Stored items
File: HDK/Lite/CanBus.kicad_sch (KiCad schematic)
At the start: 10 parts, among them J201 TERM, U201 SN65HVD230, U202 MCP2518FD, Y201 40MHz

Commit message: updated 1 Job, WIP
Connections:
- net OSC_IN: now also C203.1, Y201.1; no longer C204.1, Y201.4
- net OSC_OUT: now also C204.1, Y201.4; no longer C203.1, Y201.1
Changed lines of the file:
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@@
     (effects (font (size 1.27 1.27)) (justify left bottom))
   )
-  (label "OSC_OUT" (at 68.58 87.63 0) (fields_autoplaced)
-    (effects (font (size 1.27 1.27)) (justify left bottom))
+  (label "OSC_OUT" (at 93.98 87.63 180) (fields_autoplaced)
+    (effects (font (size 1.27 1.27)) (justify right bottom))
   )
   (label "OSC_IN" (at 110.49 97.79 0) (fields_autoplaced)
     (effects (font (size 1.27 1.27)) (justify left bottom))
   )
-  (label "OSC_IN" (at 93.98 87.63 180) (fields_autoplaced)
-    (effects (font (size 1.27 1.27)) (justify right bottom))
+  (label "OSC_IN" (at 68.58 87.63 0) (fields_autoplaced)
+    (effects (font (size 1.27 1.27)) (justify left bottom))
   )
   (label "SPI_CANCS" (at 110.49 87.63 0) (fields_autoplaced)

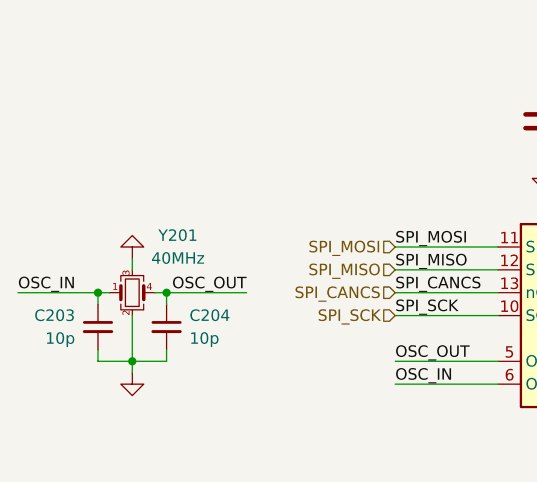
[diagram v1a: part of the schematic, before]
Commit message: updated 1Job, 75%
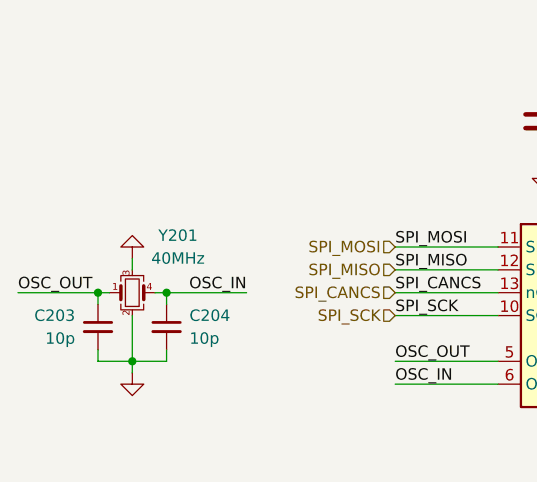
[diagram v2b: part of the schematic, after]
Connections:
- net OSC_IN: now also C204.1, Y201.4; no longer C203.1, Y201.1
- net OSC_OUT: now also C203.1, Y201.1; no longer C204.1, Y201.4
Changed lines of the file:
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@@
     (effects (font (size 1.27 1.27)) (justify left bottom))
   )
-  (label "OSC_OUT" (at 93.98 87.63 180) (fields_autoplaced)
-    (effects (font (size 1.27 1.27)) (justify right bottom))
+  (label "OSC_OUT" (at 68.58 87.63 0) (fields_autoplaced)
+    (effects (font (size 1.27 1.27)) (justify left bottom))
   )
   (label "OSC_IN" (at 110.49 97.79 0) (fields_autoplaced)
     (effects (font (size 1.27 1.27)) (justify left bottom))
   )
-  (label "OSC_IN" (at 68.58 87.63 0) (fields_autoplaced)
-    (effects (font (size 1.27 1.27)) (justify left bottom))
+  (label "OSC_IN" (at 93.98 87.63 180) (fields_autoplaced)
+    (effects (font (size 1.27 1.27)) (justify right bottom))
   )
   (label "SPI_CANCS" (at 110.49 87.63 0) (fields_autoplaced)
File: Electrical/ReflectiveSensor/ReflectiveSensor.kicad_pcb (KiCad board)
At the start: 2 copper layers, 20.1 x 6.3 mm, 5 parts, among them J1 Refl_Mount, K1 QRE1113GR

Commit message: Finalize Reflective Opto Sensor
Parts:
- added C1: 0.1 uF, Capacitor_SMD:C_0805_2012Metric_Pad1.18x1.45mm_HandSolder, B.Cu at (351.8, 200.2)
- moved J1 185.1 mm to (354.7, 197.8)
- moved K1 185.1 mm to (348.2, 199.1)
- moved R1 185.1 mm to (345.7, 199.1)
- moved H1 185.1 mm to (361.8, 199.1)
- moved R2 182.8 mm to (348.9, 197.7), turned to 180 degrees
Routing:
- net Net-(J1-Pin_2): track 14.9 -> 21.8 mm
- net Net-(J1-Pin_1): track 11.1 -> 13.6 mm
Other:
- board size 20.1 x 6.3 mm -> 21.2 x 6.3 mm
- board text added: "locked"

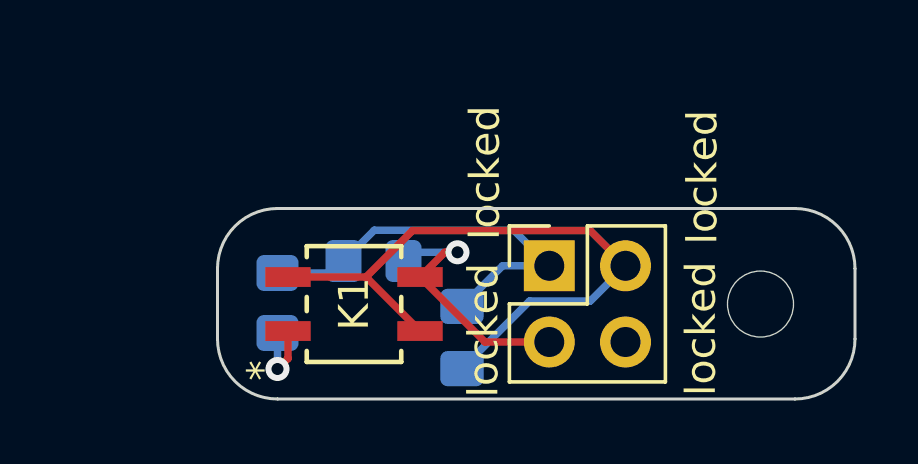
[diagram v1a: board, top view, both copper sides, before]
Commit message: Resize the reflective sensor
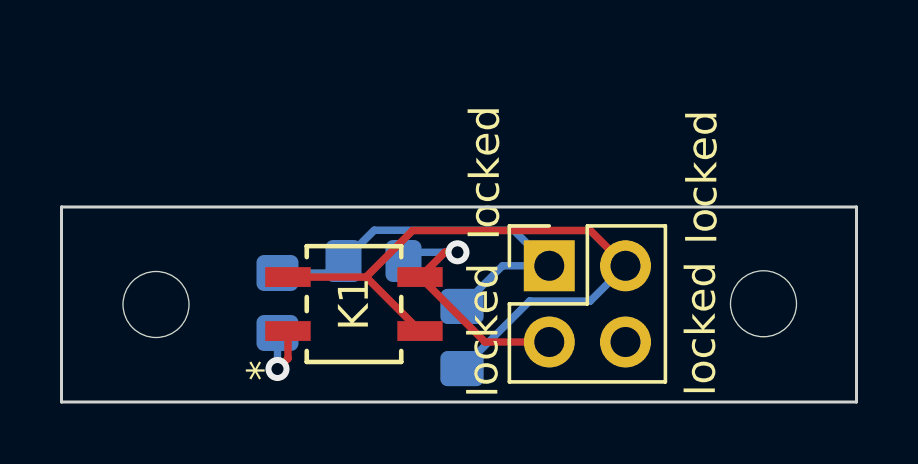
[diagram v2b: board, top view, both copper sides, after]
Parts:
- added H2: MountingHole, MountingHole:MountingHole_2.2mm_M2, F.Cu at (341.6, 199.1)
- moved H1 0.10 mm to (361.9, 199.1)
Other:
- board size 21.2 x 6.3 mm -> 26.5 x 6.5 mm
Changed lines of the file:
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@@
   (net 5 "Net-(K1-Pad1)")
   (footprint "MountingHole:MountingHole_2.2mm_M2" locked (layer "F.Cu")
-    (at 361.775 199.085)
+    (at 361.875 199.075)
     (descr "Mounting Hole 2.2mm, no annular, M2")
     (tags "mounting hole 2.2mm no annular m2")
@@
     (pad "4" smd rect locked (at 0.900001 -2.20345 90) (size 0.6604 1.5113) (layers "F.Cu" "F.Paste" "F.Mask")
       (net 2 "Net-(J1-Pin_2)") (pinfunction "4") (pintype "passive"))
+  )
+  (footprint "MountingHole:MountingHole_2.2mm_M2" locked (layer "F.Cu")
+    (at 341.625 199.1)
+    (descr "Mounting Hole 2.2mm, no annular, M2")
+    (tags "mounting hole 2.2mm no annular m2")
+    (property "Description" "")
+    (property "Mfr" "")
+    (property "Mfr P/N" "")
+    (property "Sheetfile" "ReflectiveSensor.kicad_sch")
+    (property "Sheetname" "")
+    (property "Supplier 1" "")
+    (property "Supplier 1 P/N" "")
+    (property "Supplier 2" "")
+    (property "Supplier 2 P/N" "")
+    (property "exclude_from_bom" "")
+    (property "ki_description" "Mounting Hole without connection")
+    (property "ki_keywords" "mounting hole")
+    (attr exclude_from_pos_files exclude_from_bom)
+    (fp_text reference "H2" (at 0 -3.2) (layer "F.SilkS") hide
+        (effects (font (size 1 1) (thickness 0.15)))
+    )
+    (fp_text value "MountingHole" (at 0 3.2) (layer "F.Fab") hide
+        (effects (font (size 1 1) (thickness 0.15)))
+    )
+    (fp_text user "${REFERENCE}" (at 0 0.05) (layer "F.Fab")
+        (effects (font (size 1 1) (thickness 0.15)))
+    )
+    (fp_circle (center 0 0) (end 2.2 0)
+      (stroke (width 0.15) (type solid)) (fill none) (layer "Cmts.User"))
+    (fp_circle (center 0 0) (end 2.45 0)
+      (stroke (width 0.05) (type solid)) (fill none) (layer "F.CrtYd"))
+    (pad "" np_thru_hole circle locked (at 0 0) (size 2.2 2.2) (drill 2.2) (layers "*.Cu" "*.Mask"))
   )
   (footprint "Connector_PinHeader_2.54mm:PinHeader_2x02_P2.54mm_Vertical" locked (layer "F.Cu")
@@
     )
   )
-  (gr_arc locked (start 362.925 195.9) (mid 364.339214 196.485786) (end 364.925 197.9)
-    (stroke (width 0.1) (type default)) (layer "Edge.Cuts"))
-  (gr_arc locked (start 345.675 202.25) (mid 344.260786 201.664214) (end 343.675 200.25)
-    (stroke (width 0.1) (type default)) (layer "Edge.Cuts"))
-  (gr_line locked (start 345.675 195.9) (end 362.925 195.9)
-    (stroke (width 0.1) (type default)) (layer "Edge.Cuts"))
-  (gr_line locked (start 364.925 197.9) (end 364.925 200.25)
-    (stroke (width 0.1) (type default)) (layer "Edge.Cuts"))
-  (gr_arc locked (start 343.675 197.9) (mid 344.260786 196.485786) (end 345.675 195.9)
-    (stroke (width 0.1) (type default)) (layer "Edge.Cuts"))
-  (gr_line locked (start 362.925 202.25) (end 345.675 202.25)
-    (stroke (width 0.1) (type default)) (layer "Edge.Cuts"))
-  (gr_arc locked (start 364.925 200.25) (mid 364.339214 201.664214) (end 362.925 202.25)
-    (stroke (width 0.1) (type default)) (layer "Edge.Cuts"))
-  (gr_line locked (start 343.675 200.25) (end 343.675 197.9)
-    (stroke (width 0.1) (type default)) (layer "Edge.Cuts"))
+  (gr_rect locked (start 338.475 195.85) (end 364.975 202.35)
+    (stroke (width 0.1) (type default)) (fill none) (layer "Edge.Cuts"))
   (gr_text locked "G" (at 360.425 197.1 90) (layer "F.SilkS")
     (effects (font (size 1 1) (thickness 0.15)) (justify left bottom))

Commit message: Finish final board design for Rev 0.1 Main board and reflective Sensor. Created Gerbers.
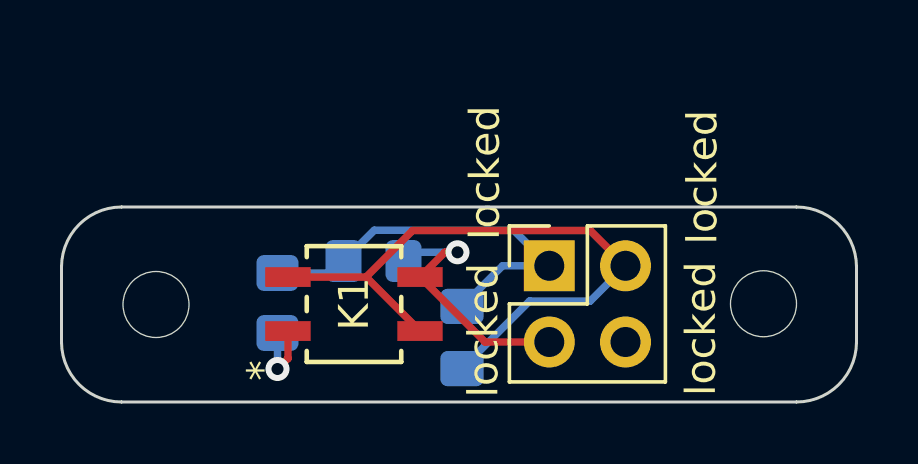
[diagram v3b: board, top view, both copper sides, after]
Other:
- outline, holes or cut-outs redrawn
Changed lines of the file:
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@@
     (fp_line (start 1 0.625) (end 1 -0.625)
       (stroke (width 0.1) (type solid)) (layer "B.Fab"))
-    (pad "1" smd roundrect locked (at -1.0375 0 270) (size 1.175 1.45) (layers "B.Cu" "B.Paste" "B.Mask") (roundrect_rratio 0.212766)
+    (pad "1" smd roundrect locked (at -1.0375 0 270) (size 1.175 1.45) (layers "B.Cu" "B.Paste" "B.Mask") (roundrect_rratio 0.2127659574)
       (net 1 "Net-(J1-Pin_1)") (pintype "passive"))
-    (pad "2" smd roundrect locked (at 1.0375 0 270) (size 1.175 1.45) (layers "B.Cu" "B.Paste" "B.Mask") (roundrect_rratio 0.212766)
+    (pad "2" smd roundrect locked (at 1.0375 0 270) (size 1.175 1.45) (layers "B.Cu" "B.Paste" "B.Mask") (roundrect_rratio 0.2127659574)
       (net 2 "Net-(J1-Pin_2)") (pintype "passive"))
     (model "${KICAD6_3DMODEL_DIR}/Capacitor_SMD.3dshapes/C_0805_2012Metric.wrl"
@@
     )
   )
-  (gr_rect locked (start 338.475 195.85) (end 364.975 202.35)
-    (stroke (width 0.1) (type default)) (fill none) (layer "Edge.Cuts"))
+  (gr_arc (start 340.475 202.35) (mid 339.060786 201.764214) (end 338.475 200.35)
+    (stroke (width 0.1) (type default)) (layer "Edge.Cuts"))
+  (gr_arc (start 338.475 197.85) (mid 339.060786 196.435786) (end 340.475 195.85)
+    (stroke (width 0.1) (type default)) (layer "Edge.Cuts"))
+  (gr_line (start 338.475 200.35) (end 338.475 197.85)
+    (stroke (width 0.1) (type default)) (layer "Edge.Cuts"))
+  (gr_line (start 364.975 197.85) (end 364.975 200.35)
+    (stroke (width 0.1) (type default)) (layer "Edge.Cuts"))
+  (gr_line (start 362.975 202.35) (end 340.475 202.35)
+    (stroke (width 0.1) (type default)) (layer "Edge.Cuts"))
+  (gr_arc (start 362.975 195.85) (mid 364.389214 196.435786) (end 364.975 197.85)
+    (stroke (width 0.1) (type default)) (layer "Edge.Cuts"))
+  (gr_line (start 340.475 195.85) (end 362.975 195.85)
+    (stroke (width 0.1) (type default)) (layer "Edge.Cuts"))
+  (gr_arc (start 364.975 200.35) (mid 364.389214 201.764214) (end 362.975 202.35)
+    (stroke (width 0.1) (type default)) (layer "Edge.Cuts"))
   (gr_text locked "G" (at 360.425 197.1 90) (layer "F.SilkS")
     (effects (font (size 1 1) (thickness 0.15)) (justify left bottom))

Task item = With the data above as the source, tally the lines that include the string "updated", and give that figure alone.

Answer to this exercise = 2